Posted By: aeh Re: Gifted Students and the Elite Job Market - 04/11/21 01:04 AM
There is certainly significant overlap between the kinds of skills that students were expected to learn in an educational environment that traditionally was called more disciplined or structured (both from the environment, and in order to survive in the environment) and the neurocognitive skills that we now call executive functions. As with many other skills that are or were once assumed in a traditional, majority-culture educational institution, there were always some students who walked in stronger in those skills (by nature or by home nurture), some who walked in nearly devoid of them (ditto), and many who were somewhere in-between. In the setting, those pre-equipped with the skills were likely to thrive, of course. Of the others, many absorbed enough along the way to get by, and some always struggled with them in the absence of direct instruction. Not unlike reading and dyslexia. Or social skills and ASD.

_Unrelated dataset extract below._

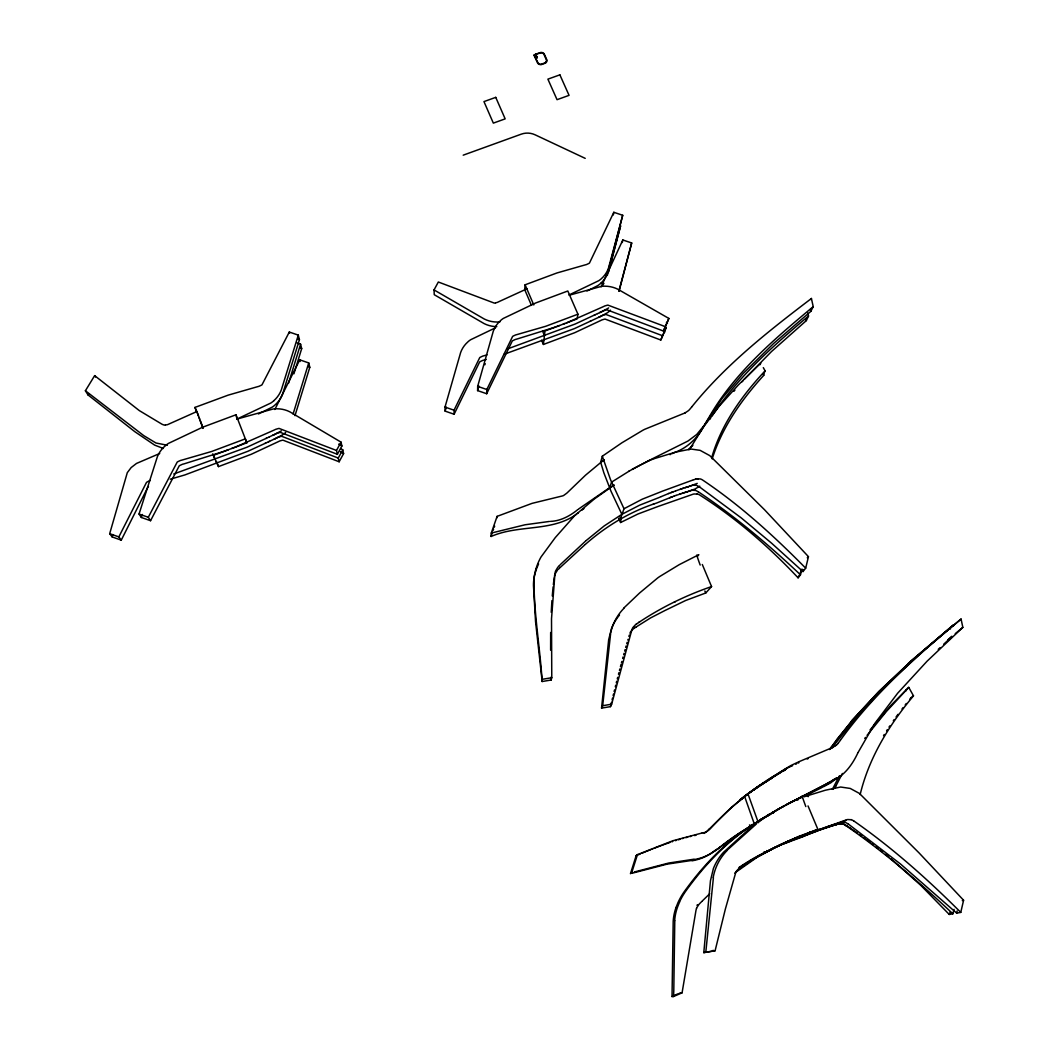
<?xml version="1.0" encoding="UTF-8"?>
<svg xmlns="http://www.w3.org/2000/svg" width="1049" height="1049" viewBox="0 0 1049 1049"><rect width="100%" height="100%" fill="white"/><g stroke="black" fill="none" stroke-linecap="round" stroke-linejoin="round"><path stroke-width="1.5" d="M550.659 632.455L550.62 650.183M555.485 327.039L517.236 338.958A61.983 58.18 3.7 0 1 515.334 339.47L512.909 340.597A16.889 15.958 4 0 1 512.292 340.964L486.684 393.729L477.597 390.608L477.675 386.36L493.266 331.261A27.628 26.133 5.1 0 1 500.399 320.732L501.094 320.076A24.271 22.947 4.9 0 1 503.35 318.411L535.685 302.977L567.811 290.993L577.933 314.202L577.173 318.896L544.995 330.973L543.408 344.465L574.747 332.69L600.185 320.758A60.436 56.58 7.7 0 0 601.877 319.932L604.381 319.198A16.456 15.46 9.7 0 0 605.076 319.066L660.791 340.02L666.128 327.642L664.555 326.724M486.684 393.729L486.828 389.507L512.62 336.401A17.007 16.05 4 0 0 513.236 336.034L515.675 334.906A62.402 58.534 3.7 0 0 517.59 334.395L545.729 326.278L577.933 314.202M674.782 920.734L673.786 990.859L673.55 996.524L672.029 996.55L673.196 921.35A49.355 47.743 65 0 1 676.028 907.516M551.236 612.314L551.918 600.618M576.74 514.023C552.102 532.118 518.599 524.33 491.102 536.485L491.286 533.062L497.095 516.37L532.066 503.363L561.176 496.243A24.442 23.707 -3.6 0 0 561.858 496.085L562.998 495.771A4.97 4.812 -3.5 0 0 564.178 495.089L566.106 493.673A12.313 11.906 -4.7 0 0 567.561 492.453L585.512 475.197L603.818 459.96M497.003 517.747L497.095 516.37M531.476 305.377L524.71 289.642L525.103 284.803L556.94 272.963L584.568 265.069A62.206 58.587 10.1 0 1 586.457 264.571L588.83 263.469A16.758 15.696 9.2 0 1 589.433 263.115L613.822 212.291L622.713 215.281L611.226 259.418M552.272 595.95L553.111 586.85M737.631 869.805L737.172 870.303A6.819 6.648 55.1 0 0 736.293 871.352L735.716 872.82A34.486 33.568 52.2 0 0 735.441 873.607L725.384 908.985L715.103 950.735L703.787 952.636L710.461 880.714L713.386 868.533A55.059 53.683 55.5 0 1 723.522 852.273L752.212 826.206M703.787 952.636L705.793 952.217L713.412 877.659M553.347 584.621L554.213 577.553M631.773 630.108L611.659 704.167L610.439 706.646L601.562 708.101L608.669 639.733L611.606 628.128A52.266 51.821 1.6 0 1 619.5 615.016M601.562 708.101L602.677 705.728L610.531 634.409M558.697 566.329L558.488 566.552A8.379 8.222 0.8 0 0 557.648 567.535A16.233 15.945 3.1 0 0 557.268 568.165L556.075 570.158A7.631 7.487 -0.2 0 0 555.406 571.443L555.065 573.082A39.744 39.01 6.5 0 0 554.921 573.973L551.512 618.805L551.774 677.72L551.158 680.014L542.176 681.509L535.541 621.519L533.469 585.447A47.257 46.156 13.5 0 1 534.439 575.862L535.528 571.797M692.615 480.127L662.247 491.22A47.349 44.937 -5.8 0 1 660.555 491.915L642.237 499.193L624.011 508.739L621.192 516.737L620.602 522.52L637.976 513.997L656.884 506.903A48.32 46.248 16 0 0 658.248 506.405L693.074 494.21A4.445 4.262 21.5 0 1 694.268 493.974A15.329 14.686 22.1 0 1 695.146 494.013L696.431 494.066A15.289 14.607 20.7 0 0 696.838 494.079L697.047 494.092M673.55 996.524L682.073 992.826L695.972 910.44A37.213 36.138 63.7 0 1 696.169 909.627L696.562 908.29M613.324 214.927L613.822 212.291M554.41 576.347L554.79 574.734M622.306 242.516L622.831 239.972L631.695 242.975L619.054 291.307M803.364 569.817L802.983 571.587L771.566 543.172L741.302 517.944L699.486 486.92M655.271 458.347L675.556 452.145L690.963 449.038L700.142 450.362L709.74 455.607L764.498 509.709L808.464 556.665L805.684 568.165L802.983 571.587M957.16 910.965L956.675 913.128L960.766 912.394L963.598 900.252L919.121 852.981L859.433 793.437L850.241 788.442L840.655 787.025L825.406 790.212L804.295 796.716M712.94 951.168L713.15 950.263M542.176 681.509C540.091 648.61 534.243 615.593 533.967 582.379A47.651 46.72 6.6 0 1 534.938 572.688L536.039 568.571M610.439 706.646L611.488 702.358M612.105 699.827L612.511 698.149M613.114 695.657L613.521 694.018M860.167 794.513C868.978 757.653 889.342 724.623 913.495 695.841L908.749 687.357L890.981 705.295L870.054 729.907M614.124 691.566L614.517 689.954M615.317 686.754L615.711 685.167M616.301 682.794L616.707 681.234M586.339 540.419L604.224 525.903L621.873 514.325L610.977 491.194L603.831 472.745L600.657 462.255L602.323 456.21L621.86 442.822L642.827 430.274A59.255 57.341 13.8 0 1 644.742 429.29L683.489 413.555A7.094 6.464 12.7 0 0 684.564 413.149M617.297 678.887L617.691 677.339M618.477 674.271L618.871 672.737M802.013 569.056L800.466 574.8L798.092 577.815C768.773 546.581 736.123 518.232 699.958 495.167A7.631 7.304 21.7 0 0 697.087 493.909M607.279 275.533L607.896 273.146M618.91 290.953L631.695 242.975M619.461 670.455L619.854 668.947M620.444 666.679L621.047 664.423M609.81 266.026L620.628 225.732L609.587 268.19M608.997 270.367L608.564 271.993M621.441 662.929L621.834 661.447M622.713 215.281L608.472 268.151A27.104 25.333 8.2 0 1 601.628 278.431L600.946 279.06A23.825 22.278 8.4 0 1 598.743 280.699L569.148 294.9M610.492 262.171L607.515 273.094A26.92 25.176 8.2 0 1 600.71 283.309M609.666 266.564L608.184 272.045M954.079 909.365L952.846 913.81L949.253 914.453L920.904 885.461L890.942 858.725M622.634 658.47L623.04 656.989M623.657 654.773L624.063 653.291M609.521 488.309L611.554 482.134L630.121 470.529L652.281 458.872M624.666 651.088L625.086 649.619M477.597 390.608L478.895 386.006M484.874 364.777L485.202 363.636M625.702 647.43L626.122 645.974M486.251 359.453L484.559 359.938A61.288 57.695 1.7 0 1 482.684 360.436L480.285 361.564A16.705 15.814 1.9 0 1 479.668 361.918L454.112 414.237L445.143 411.142L444.999 407.078L460.655 352.464A27.313 25.91 2.9 0 1 467.749 342.026L468.444 341.371A23.996 22.75 2.7 0 1 470.686 339.719L495.561 327.76M445.143 411.142L446.284 407.143M626.751 643.758L627.184 642.276M627.827 640.087L628.036 639.365M293.104 413.988L308.721 362.928L299.765 359.846L274.851 409.503M660.791 340.02L666.128 327.642M600.264 312.353L602.441 311.33A57.839 54.102 7.8 0 0 603.726 310.688L606.256 309.953A16.679 15.643 9.7 0 0 606.965 309.822L663.44 331.038L668.869 318.437L617.782 289.196A27.287 25.661 10.1 0 0 605.05 286.193L604.08 286.18A23.97 22.54 10 0 0 601.261 286.416L569.279 295.202M711.655 457.784C721.161 424.583 741.774 395.814 765.101 370.848L763.305 367.635M663.44 331.038L668.869 318.437M628.902 636.428L629.308 635.104M294.992 415.653L309.796 367.281L308.721 362.928M196.661 411.916L194.957 407.418L228.184 395.132L256.9 386.884A63.923 60.79 -13.5 0 1 258.854 386.36L261.345 385.219A17.217 16.286 -11.9 0 1 261.975 384.852L289.301 332.035L298.296 335.129L281.289 390.031A27.851 26.264 -12.2 0 1 273.802 400.718M298.296 335.129L299.437 339.679L282.561 394.24A27.654 26.094 -12.2 0 1 275.126 404.862L274.405 405.517A24.311 22.947 -12.2 0 1 272.084 407.209L260.677 412.886M288.567 383.147L300.578 344.164L297.247 343.023M293.93 373.811L294.271 372.683M294.441 372.133L301.692 348.596L300.578 344.164M637.464 854.594L636.14 855.722L630.449 873.686L631.708 872.716L637.464 854.594L672.96 840.721L701.755 833.076M112.938 534.57L112.177 536.944L121.264 540.143L147.542 487.837A23.393 22.16 -21.4 0 1 147.975 487.09L148.447 486.369M142.323 514.482L141.353 517.472L150.558 520.697L179.248 465.835A17.413 16.43 -19 0 0 179.89 465.454L182.434 464.274A63.583 59.714 -17.2 0 0 184.414 463.75L224.224 451.28M141.353 517.472L139.045 514.036L157.389 456.669A28.244 26.71 -19.1 0 1 166.122 445.13M112.177 536.944L109.686 533.679L127.296 472.666L131.177 467.552L136.488 463.448L159.723 453.496M712.192 458.885C722.105 427.258 741.617 399.617 763.751 375.332A119.18 27.34 -25.5 0 1 765.062 370.861M491.102 536.485L491.797 534.413M492.151 533.39L492.506 532.354M493.214 530.283L493.568 529.26M494.289 527.188L494.656 526.165M676.015 907.516L677.942 902.691A69.693 67.293 63.4 0 1 683.948 892.096C701.742 867.3 722.774 844.615 748.383 827.74M629.951 633.216L630.41 632.154A6.11 6.071 -8 0 1 631.196 631.144L631.616 630.685M760.079 364.672L760.735 363.138L738.444 384.839L719.312 406.081L702.922 427.704L689.429 449.628M950.25 912.053L949.253 914.453M801.515 570.066L800.872 571.561M800.557 572.295L799.915 573.777M679.595 901.93L677.654 906.782A49.801 48.346 64.2 0 0 674.651 920.72M799.259 575.258L798.092 577.815M622.831 239.972L601.116 286.783A26.736 25.032 8.2 0 0 603.949 283.309M744.226 379.358L771.553 351.481L806.353 320.588L808.53 316.011L807.691 313.048M454.112 414.237L454.033 410.198L479.76 357.552A16.823 15.919 1.9 0 0 480.376 357.198L482.789 356.07A61.707 58.049 1.8 0 0 484.69 355.559L487.024 354.89M810.929 299.516L811.428 298.48L813.211 306.662L810.825 311.369L773.611 343.482L743.216 373.444L722.184 398.266L704.679 424.766L696.746 434.456L687.96 441.039L652.609 458.675M858.003 752.618L874.787 723.482L897.629 693.245L927.08 661.198L962.838 627.381L961.068 619.054L921.953 651.98L886.589 684.905L858.292 714.867L835.555 743.308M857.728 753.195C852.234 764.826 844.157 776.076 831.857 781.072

A mediocre instructional system, implemented consistently, often is enough to get the majority of the population to a functional level, even if there are holes here and there (like the generation of whole language readers who are poor spellers, but at least have access to text). Similarly, old-school traditional classrooms may or may not have explicitly taught students EF skills, but having a system of any kind probably supported the acquisition of some approximation of EF. It did not, however, necessarily reach those most at-risk, who really required more explicit instruction, just as most kids learn to read even with whole language, but dyslexics do not.